In early 1985, Witten and a few of his colleagues extended the notion of closed strings by suggesting, as in the old Kaluza-Klein theory, that the six additional spatial dimensions required were curled up on such a small scale that they were not noticeable. Two mathematicians, Eugenio Calabi (born 1923) of the University of Pennsylvania and Yau Shing-Tung (born 1949) of the University of California at San Diego, had already considered the possible configurations that such closed strings might take. Witten contacted Yau to see which of these "Calabi-Yau manifolds" might prove useful for heterotic string theory, and Yau came back with literally thousands of possibilities.
* In modern string theory, the configurations of these manifolds determine the modes of vibration of the strings, creating leptons or quarks as observed. The number of possible string configurations may well be infinite, meaning that the number of possible particles is infinite as well. Only a finite number of particles is observed because the rest imply higher and higher energies that are not observed in our cosmic era, much less attainable with our technologies.
The attractions of this theory were obvious to many physicists. One was that it gave a consistent model for all elementary particles; the other was that it reconciled Einstein's theory of General Relativity with quantum physics, a reconciliation that has long evaded physicists.
General relativity claims that gravity is caused by a curvature of spacetime due to the presence of a mass. However, at the Planck length the uncertainty principle claims that spacetime becomes chaotic and unpredictable, becoming a "quantum foam" that makes calculations go mad, introducing infinities that cause results to explode. String theory got around the mad behavior of spacetime below the Planck length because the strings were long relative to the scale of the quantum foam, allowing the foam to be ignored. String theory imposed a minimum level of detail to the Universe that was greater than the scale of the quantum foam.
String theory had become a "big thing" in physics, and not surprisingly it attracted critics. The loudest was Sheldon Glashow, who saw the concept as too theoretical, particularly with its postulate of ten dimensions, and not very closely tied to observations. Glashow was particularly troubled by the fact that the string structures were so incredibly small. If an atom were the size of a galaxy, a string structure would be about the size of a beachball. There was no prospect that any experiment could detect them directly and prove or disprove the theory. Glashow put it: "The theory is safe, permanently safe. Is that a theory of physics, or a philosophy?"

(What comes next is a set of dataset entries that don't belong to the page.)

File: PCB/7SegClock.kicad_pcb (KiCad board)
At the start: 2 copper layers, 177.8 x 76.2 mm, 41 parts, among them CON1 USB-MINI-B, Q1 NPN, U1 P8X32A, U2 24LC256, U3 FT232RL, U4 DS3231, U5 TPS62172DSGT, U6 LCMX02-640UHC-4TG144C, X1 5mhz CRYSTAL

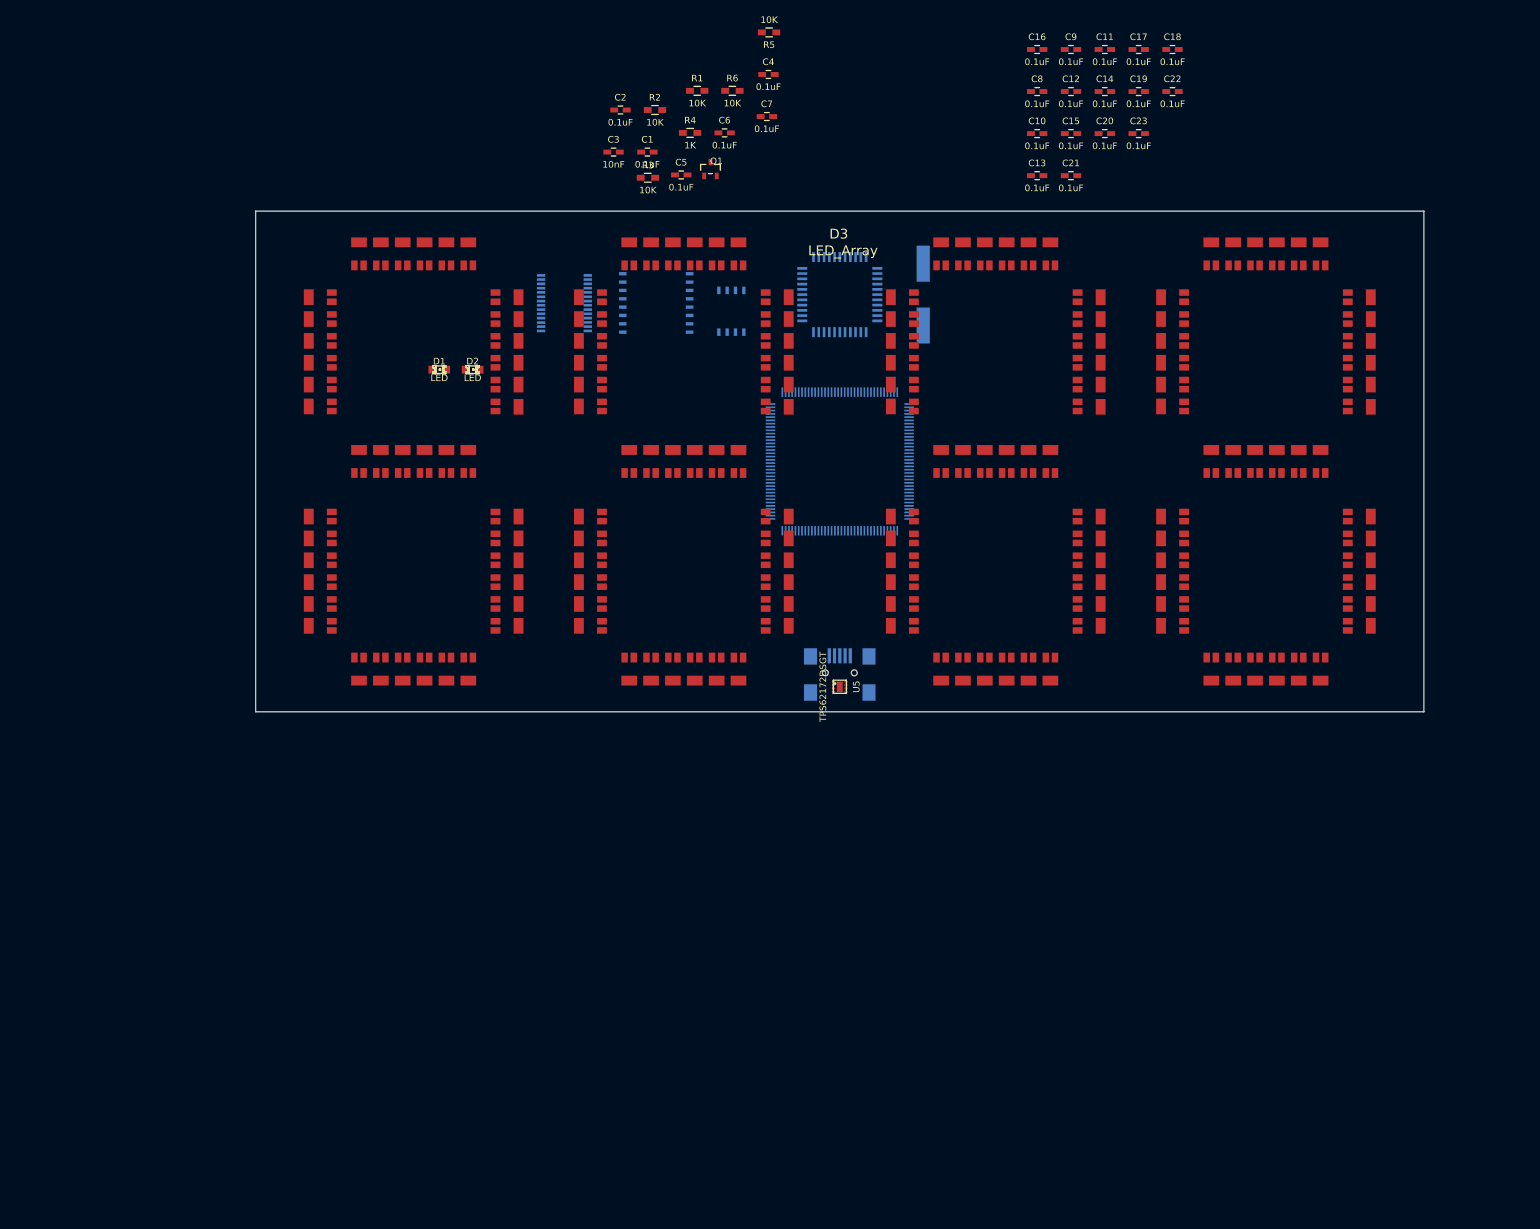
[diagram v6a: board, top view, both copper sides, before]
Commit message: Added additional mosfets.
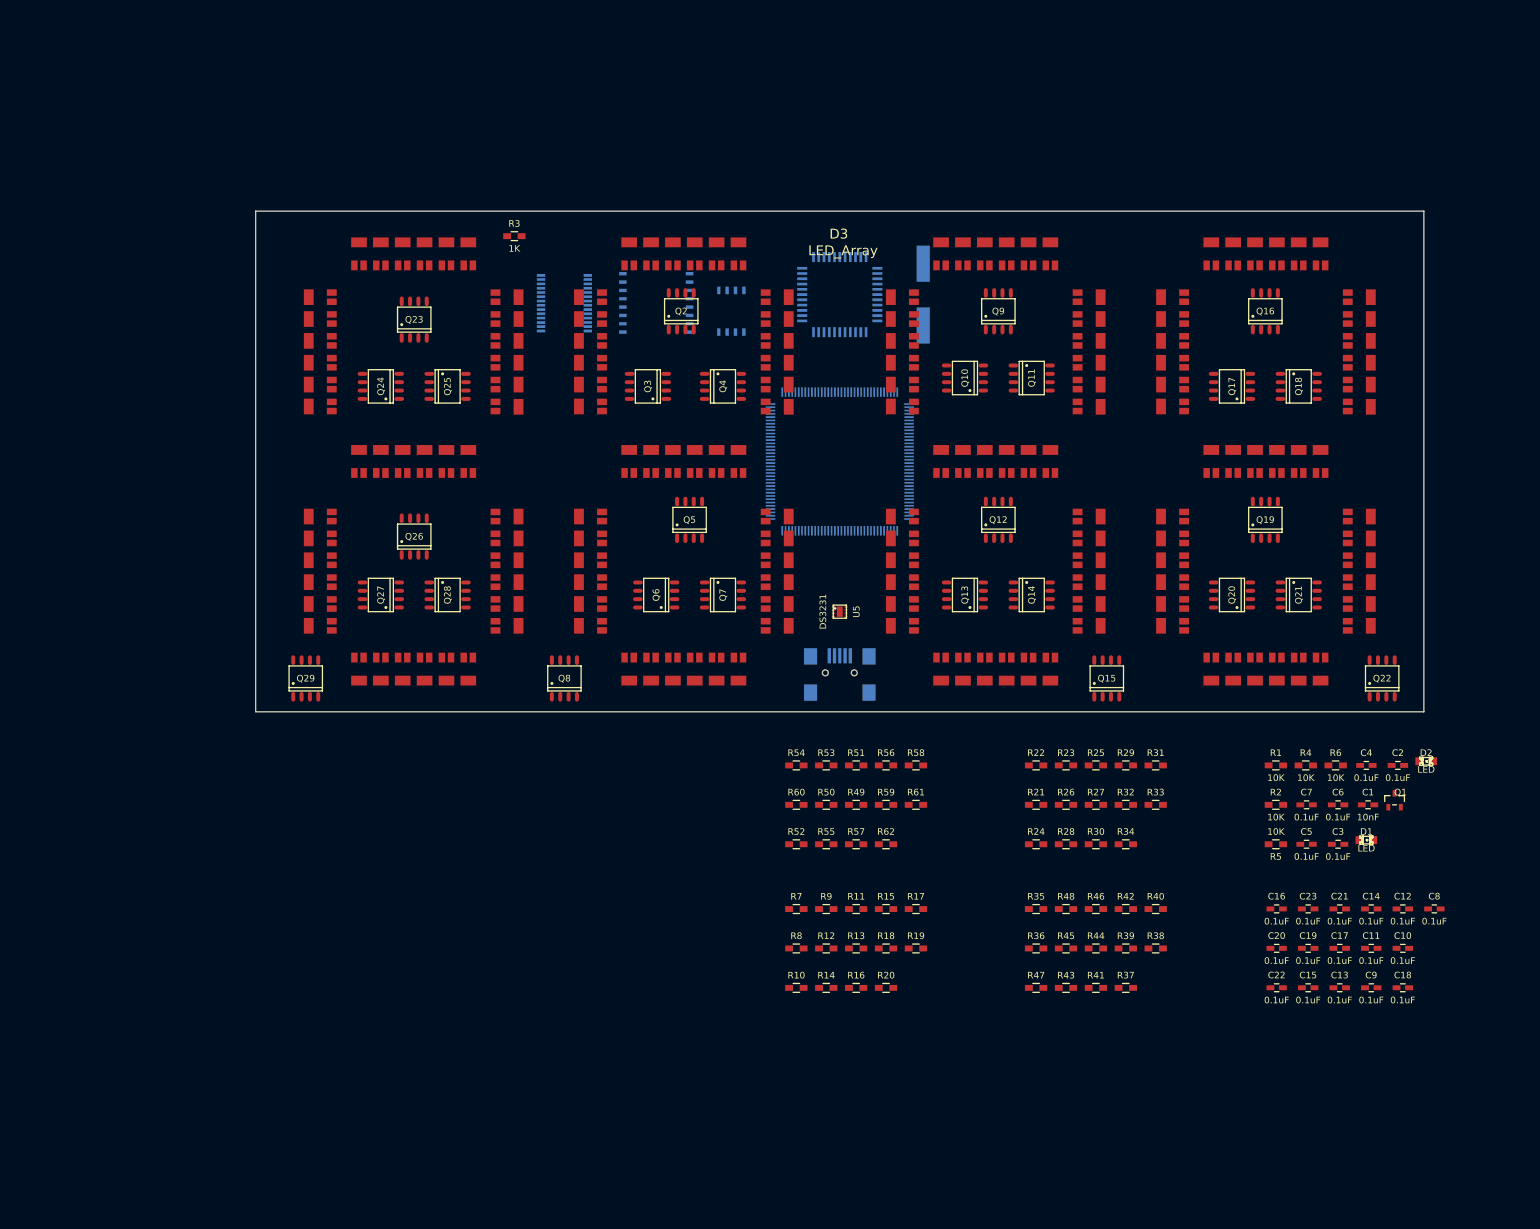
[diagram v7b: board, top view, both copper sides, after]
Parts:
- added Q10: DMN2041LSD-13, SO-8, F.Cu at (167.6, 73.7)
- added Q11: DMN2041LSD-13, SO-8, F.Cu at (177.8, 73.7)
- added Q12: DMN2041LSD-13, SO-8, F.Cu at (172.7, 95.2)
- added Q13: DMN2041LSD-13, SO-8, F.Cu at (167.6, 106.7)
- added Q14: DMN2041LSD-13, SO-8, F.Cu at (177.8, 106.7)
- added Q15: DMN2041LSD-13, SO-8, F.Cu at (189.2, 119.4)
- added Q16: DMN2041LSD-13, SO-8, F.Cu at (213.4, 63.5)
- added Q17: DMN2041LSD-13, SO-8, F.Cu at (208.3, 74.9)
- added Q18: DMN2041LSD-13, SO-8, F.Cu at (218.4, 74.9)
- added Q19: DMN2041LSD-13, SO-8, F.Cu at (213.4, 95.2)
- added Q2: DMN2041LSD-13, SO-8, F.Cu at (124.5, 63.5)
- added Q20: DMN2041LSD-13, SO-8, F.Cu at (208.3, 106.7)
- added Q21: DMN2041LSD-13, SO-8, F.Cu at (218.4, 106.7)
- added Q22: DMN2041LSD-13, SO-8, F.Cu at (231.1, 119.4)
- added Q23: DMN2041LSD-13, SO-8, F.Cu at (83.8, 64.8)
- added Q24: DMN2041LSD-13, SO-8, F.Cu at (78.7, 74.9)
- added Q25: DMN2041LSD-13, SO-8, F.Cu at (88.9, 74.9)
- added Q26: DMN2041LSD-13, SO-8, F.Cu at (83.8, 97.8)
- added Q27: DMN2041LSD-13, SO-8, F.Cu at (78.7, 106.7)
- added Q28: DMN2041LSD-13, SO-8, F.Cu at (88.9, 106.7)
- added Q29: DMN2041LSD-13, SO-8, F.Cu at (67.3, 119.4)
- added Q3: DMN2041LSD-13, SO-8, F.Cu at (119.4, 74.9)
- added Q4: DMN2041LSD-13, SO-8, F.Cu at (130.8, 74.9)
- added Q5: DMN2041LSD-13, SO-8, F.Cu at (125.7, 95.2)
- added Q6: DMN2041LSD-13, SO-8, F.Cu at (120.7, 106.7)
- added Q7: DMN2041LSD-13, SO-8, F.Cu at (130.8, 106.7)
- added Q8: DMN2041LSD-13, SO-8, F.Cu at (106.7, 119.4)
- added Q9: DMN2041LSD-13, SO-8, F.Cu at (172.7, 63.5)
- added R10: 10K, Resistors_SMD:R_0603_HandSoldering, F.Cu at (142.0, 166.5)
- added R11: 10K, Resistors_SMD:R_0603_HandSoldering, F.Cu at (151.1, 154.5)
- added R12: 10K, Resistors_SMD:R_0603_HandSoldering, F.Cu at (146.5, 160.5)
- added R13: 10K, Resistors_SMD:R_0603_HandSoldering, F.Cu at (151.1, 160.5)
- added R14: 10K, Resistors_SMD:R_0603_HandSoldering, F.Cu at (146.5, 166.5)
- added R15: 10K, Resistors_SMD:R_0603_HandSoldering, F.Cu at (155.6, 154.5)
- added R16: 10K, Resistors_SMD:R_0603_HandSoldering, F.Cu at (151.1, 166.5)
- added R17: 10K, Resistors_SMD:R_0603_HandSoldering, F.Cu at (160.2, 154.5)
- added R18: 10K, Resistors_SMD:R_0603_HandSoldering, F.Cu at (155.6, 160.5)
- added R19: 10K, Resistors_SMD:R_0603_HandSoldering, F.Cu at (160.2, 160.5)
- added R20: 10K, Resistors_SMD:R_0603_HandSoldering, F.Cu at (155.6, 166.5)
- added R21: 10K, Resistors_SMD:R_0603_HandSoldering, F.Cu at (178.5, 138.6)
- added R22: 10K, Resistors_SMD:R_0603_HandSoldering, F.Cu at (178.5, 132.6)
- added R23: 10K, Resistors_SMD:R_0603_HandSoldering, F.Cu at (183.0, 132.6)
- added R24: 10K, Resistors_SMD:R_0603_HandSoldering, F.Cu at (178.5, 144.6)
- added R25: 10K, Resistors_SMD:R_0603_HandSoldering, F.Cu at (187.6, 132.6)
- added R26: 10K, Resistors_SMD:R_0603_HandSoldering, F.Cu at (183.0, 138.6)
- added R27: 10K, Resistors_SMD:R_0603_HandSoldering, F.Cu at (187.6, 138.6)
- added R28: 10K, Resistors_SMD:R_0603_HandSoldering, F.Cu at (183.0, 144.6)
- added R29: 10K, Resistors_SMD:R_0603_HandSoldering, F.Cu at (192.1, 132.6)
- added R30: 10K, Resistors_SMD:R_0603_HandSoldering, F.Cu at (187.6, 144.6)
- added R31: 10K, Resistors_SMD:R_0603_HandSoldering, F.Cu at (196.7, 132.6)
- added R32: 10K, Resistors_SMD:R_0603_HandSoldering, F.Cu at (192.1, 138.6)
- added R33: 10K, Resistors_SMD:R_0603_HandSoldering, F.Cu at (196.7, 138.6)
- added R34: 10K, Resistors_SMD:R_0603_HandSoldering, F.Cu at (192.1, 144.6)
- added R35: 10K, Resistors_SMD:R_0603_HandSoldering, F.Cu at (178.5, 154.5)
- added R36: 10K, Resistors_SMD:R_0603_HandSoldering, F.Cu at (178.5, 160.5)
- added R37: 10K, Resistors_SMD:R_0603_HandSoldering, F.Cu at (192.1, 166.5)
- added R38: 10K, Resistors_SMD:R_0603_HandSoldering, F.Cu at (196.7, 160.5)
- added R39: 10K, Resistors_SMD:R_0603_HandSoldering, F.Cu at (192.1, 160.5)
- added R40: 10K, Resistors_SMD:R_0603_HandSoldering, F.Cu at (196.7, 154.5)
- added R41: 10K, Resistors_SMD:R_0603_HandSoldering, F.Cu at (187.6, 166.5)
- added R42: 10K, Resistors_SMD:R_0603_HandSoldering, F.Cu at (192.1, 154.5)
- added R43: 10K, Resistors_SMD:R_0603_HandSoldering, F.Cu at (183.0, 166.5)
- added R44: 10K, Resistors_SMD:R_0603_HandSoldering, F.Cu at (187.6, 160.5)
- added R45: 10K, Resistors_SMD:R_0603_HandSoldering, F.Cu at (183.0, 160.5)
- added R46: 10K, Resistors_SMD:R_0603_HandSoldering, F.Cu at (187.6, 154.5)
- added R47: 10K, Resistors_SMD:R_0603_HandSoldering, F.Cu at (178.5, 166.5)
- added R48: 10K, Resistors_SMD:R_0603_HandSoldering, F.Cu at (183.0, 154.5)
- added R49: 10K, Resistors_SMD:R_0603_HandSoldering, F.Cu at (151.1, 138.6)
- added R50: 10K, Resistors_SMD:R_0603_HandSoldering, F.Cu at (146.5, 138.6)
- added R51: 10K, Resistors_SMD:R_0603_HandSoldering, F.Cu at (151.1, 132.6)
- added R52: 10K, Resistors_SMD:R_0603_HandSoldering, F.Cu at (142.0, 144.6)
- added R53: 10K, Resistors_SMD:R_0603_HandSoldering, F.Cu at (146.5, 132.6)
- added R54: 10K, Resistors_SMD:R_0603_HandSoldering, F.Cu at (142.0, 132.6)
- added R55: 10K, Resistors_SMD:R_0603_HandSoldering, F.Cu at (146.5, 144.6)
- added R56: 10K, Resistors_SMD:R_0603_HandSoldering, F.Cu at (155.6, 132.6)
- added R57: 10K, Resistors_SMD:R_0603_HandSoldering, F.Cu at (151.1, 144.6)
- added R58: 10K, Resistors_SMD:R_0603_HandSoldering, F.Cu at (160.2, 132.6)
- added R59: 10K, Resistors_SMD:R_0603_HandSoldering, F.Cu at (155.6, 138.6)
- added R60: 10K, Resistors_SMD:R_0603_HandSoldering, F.Cu at (142.0, 138.6)
- added R61: 10K, Resistors_SMD:R_0603_HandSoldering, F.Cu at (160.2, 138.6)
- added R62: 10K, Resistors_SMD:R_0603_HandSoldering, F.Cu at (155.6, 144.6)
- added R7: 10K, Resistors_SMD:R_0603_HandSoldering, F.Cu at (142.0, 154.5)
- added R8: 10K, Resistors_SMD:R_0603_HandSoldering, F.Cu at (142.0, 160.5)
- added R9: 10K, Resistors_SMD:R_0603_HandSoldering, F.Cu at (146.5, 154.5)
- C1: value 0.1uF -> 10nF
- C3: value 10nF -> 0.1uF
- R3: value 10K -> 1K
- R4: value 1K -> 10K
- U1: value P8X32A -> TPS62172DSGT
- U2: value 24LC256 -> P8X32A
- U4: value DS3231 -> 24LC256
- U5: value TPS62172DSGT -> DS3231
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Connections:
- C1 pad 1: GND -> Net-(C1-Pad1)
- C1 pad 2: +3V3 -> Net-(C1-Pad2)
- C3 pad 1: Net-(C3-Pad1) -> GND
- C3 pad 2: Net-(C3-Pad2) -> +3V3
- D3 pad 1: Net-(D3-Pad1) -> /Lattice MACHXO2/Digit_1/D1A1
- D3 pad 10: Net-(D3-Pad10) -> /Lattice MACHXO2/Digit_1/D1A4
- D3 pad 100: Net-(D3-Pad100) -> /Lattice MACHXO2/Digit_1/D1A4
- D3 pad 103: Net-(D3-Pad103) -> /Lattice MACHXO2/Digit_1/D1A5
- D3 pad 104: Net-(D3-Pad104) -> Net-(D3-Pad101)
- D3 pad 105: Net-(D3-Pad105) -> Net-(D3-Pad102)
- D3 pad 106: Net-(D3-Pad106) -> /Lattice MACHXO2/Digit_1/D1A6
- D3 pad 107: Net-(D3-Pad107) -> Net-(D3-Pad101)
- D3 pad 108: Net-(D3-Pad108) -> Net-(D3-Pad102)
- D3 pad 109: Net-(D3-Pad109) -> /Lattice MACHXO2/Digit_1/D1A1
- D3 pad 112: Net-(D3-Pad112) -> /Lattice MACHXO2/Digit_1/D1A2
- D3 pad 113: Net-(D3-Pad113) -> Net-(D3-Pad110)
- D3 pad 114: Net-(D3-Pad114) -> Net-(D3-Pad111)
- D3 pad 115: Net-(D3-Pad115) -> /Lattice MACHXO2/Digit_1/D1A3
- D3 pad 116: Net-(D3-Pad116) -> Net-(D3-Pad110)
- D3 pad 117: Net-(D3-Pad117) -> Net-(D3-Pad111)
- D3 pad 118: Net-(D3-Pad118) -> /Lattice MACHXO2/Digit_1/D1A4
- D3 pad 119: Net-(D3-Pad119) -> Net-(D3-Pad110)
- D3 pad 120: Net-(D3-Pad120) -> Net-(D3-Pad111)
- D3 pad 121: Net-(D3-Pad121) -> /Lattice MACHXO2/Digit_1/D1A5
- D3 pad 122: Net-(D3-Pad122) -> Net-(D3-Pad110)
- D3 pad 123: Net-(D3-Pad123) -> Net-(D3-Pad111)
- D3 pad 124: Net-(D3-Pad124) -> /Lattice MACHXO2/Digit_1/D1A6
- D3 pad 125: Net-(D3-Pad125) -> Net-(D3-Pad110)
- D3 pad 126: Net-(D3-Pad126) -> Net-(D3-Pad111)
- D3 pad 127: Net-(D3-Pad127) -> /Lattice MACHXO2/Digit_2/D2A1
- D3 pad 13: Net-(D3-Pad13) -> /Lattice MACHXO2/Digit_1/D1A5
- D3 pad 130: Net-(D3-Pad130) -> /Lattice MACHXO2/Digit_2/D2A2
- D3 pad 131: Net-(D3-Pad131) -> Net-(D3-Pad128)
- D3 pad 132: Net-(D3-Pad132) -> Net-(D3-Pad129)
- D3 pad 133: Net-(D3-Pad133) -> /Lattice MACHXO2/Digit_2/D2A3
- D3 pad 134: Net-(D3-Pad134) -> Net-(D3-Pad128)
- D3 pad 135: Net-(D3-Pad135) -> Net-(D3-Pad129)
- D3 pad 136: Net-(D3-Pad136) -> /Lattice MACHXO2/Digit_2/D2A4
- D3 pad 137: Net-(D3-Pad137) -> Net-(D3-Pad128)
- D3 pad 138: Net-(D3-Pad138) -> Net-(D3-Pad129)
- D3 pad 139: Net-(D3-Pad139) -> /Lattice MACHXO2/Digit_2/D2A5
- D3 pad 14: Net-(D3-Pad14) -> Net-(D3-Pad11)
- D3 pad 140: Net-(D3-Pad140) -> Net-(D3-Pad128)
- D3 pad 141: Net-(D3-Pad141) -> Net-(D3-Pad129)
- D3 pad 142: Net-(D3-Pad142) -> /Lattice MACHXO2/Digit_2/D2A6
- D3 pad 143: Net-(D3-Pad143) -> Net-(D3-Pad128)
- D3 pad 144: Net-(D3-Pad144) -> Net-(D3-Pad129)
- D3 pad 145: Net-(D3-Pad145) -> /Lattice MACHXO2/Digit_2/D2A1
- D3 pad 148: Net-(D3-Pad148) -> /Lattice MACHXO2/Digit_2/D2A2
- D3 pad 149: Net-(D3-Pad149) -> Net-(D3-Pad146)
- D3 pad 15: Net-(D3-Pad15) -> Net-(D3-Pad12)
- D3 pad 150: Net-(D3-Pad150) -> Net-(D3-Pad147)
- D3 pad 151: Net-(D3-Pad151) -> /Lattice MACHXO2/Digit_2/D2A3
- D3 pad 152: Net-(D3-Pad152) -> Net-(D3-Pad146)
- D3 pad 153: Net-(D3-Pad153) -> Net-(D3-Pad147)
- D3 pad 154: Net-(D3-Pad154) -> /Lattice MACHXO2/Digit_2/D2A4
- D3 pad 155: Net-(D3-Pad155) -> Net-(D3-Pad146)
- D3 pad 156: Net-(D3-Pad156) -> Net-(D3-Pad147)
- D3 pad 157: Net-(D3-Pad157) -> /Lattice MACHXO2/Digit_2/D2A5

Indeed, string theory quickly began to bog down, with five variations emerging. It wasn't until 1995 that Witten delivered a talk in which he reconciled the competing string theories, showing they were all aspects of a single unifying theory, which he called "M-theory". Witten never insisted on the definition of the "M" in the name, saying that it could be interpreted according to taste as "membrane", "master", "matrix", "mother", or "mystery". Witten also honestly added that some interpreted it as "murky". M-theory did resolve the tangle of five string theories, but to no surprise at the price of increased complexity -- most significantly in adding another spatial dimension, giving a total of eleven dimensions in the scheme.
The additional spatial dimension allowed the strings to be aspects of sheets or "branes" that could span Universes. The strings then became projections of a brane; one string theorist compared the concept to that of a grove of aspen trees, in which the trees share a common root network but appear to be independent above the ground. The branes provided a very direct link between quantum mechanics, which concerns itself with the world of the very tiny, and cosmology, which concerns itself with the Universe as a whole.
String theory seemed to be converging on a solution again, but then in the late 1990s, astronomers measuring the expansion of the Universe determined to everyone's surprise that the rate of expansion was accelerating. It implied that a significant portion of the Universe was bound up in what for lack of a better term was called "dark energy", which provided a repulsive force to drive the galaxies apart. The only way string theorists could figure out how to account for dark energy was to modify their theories to accommodate a boundless range of alternative universes, each with its own form of dark energy, with our particular Universe just happening to fit the description of ours. There was considerable skepticism over this idea, with even some string theorists suggesting it was on the wrong track. In any case, string theories began to diverge from a solution once again, and even enthusiasts can't claim they've honestly proven their case to the skeptics.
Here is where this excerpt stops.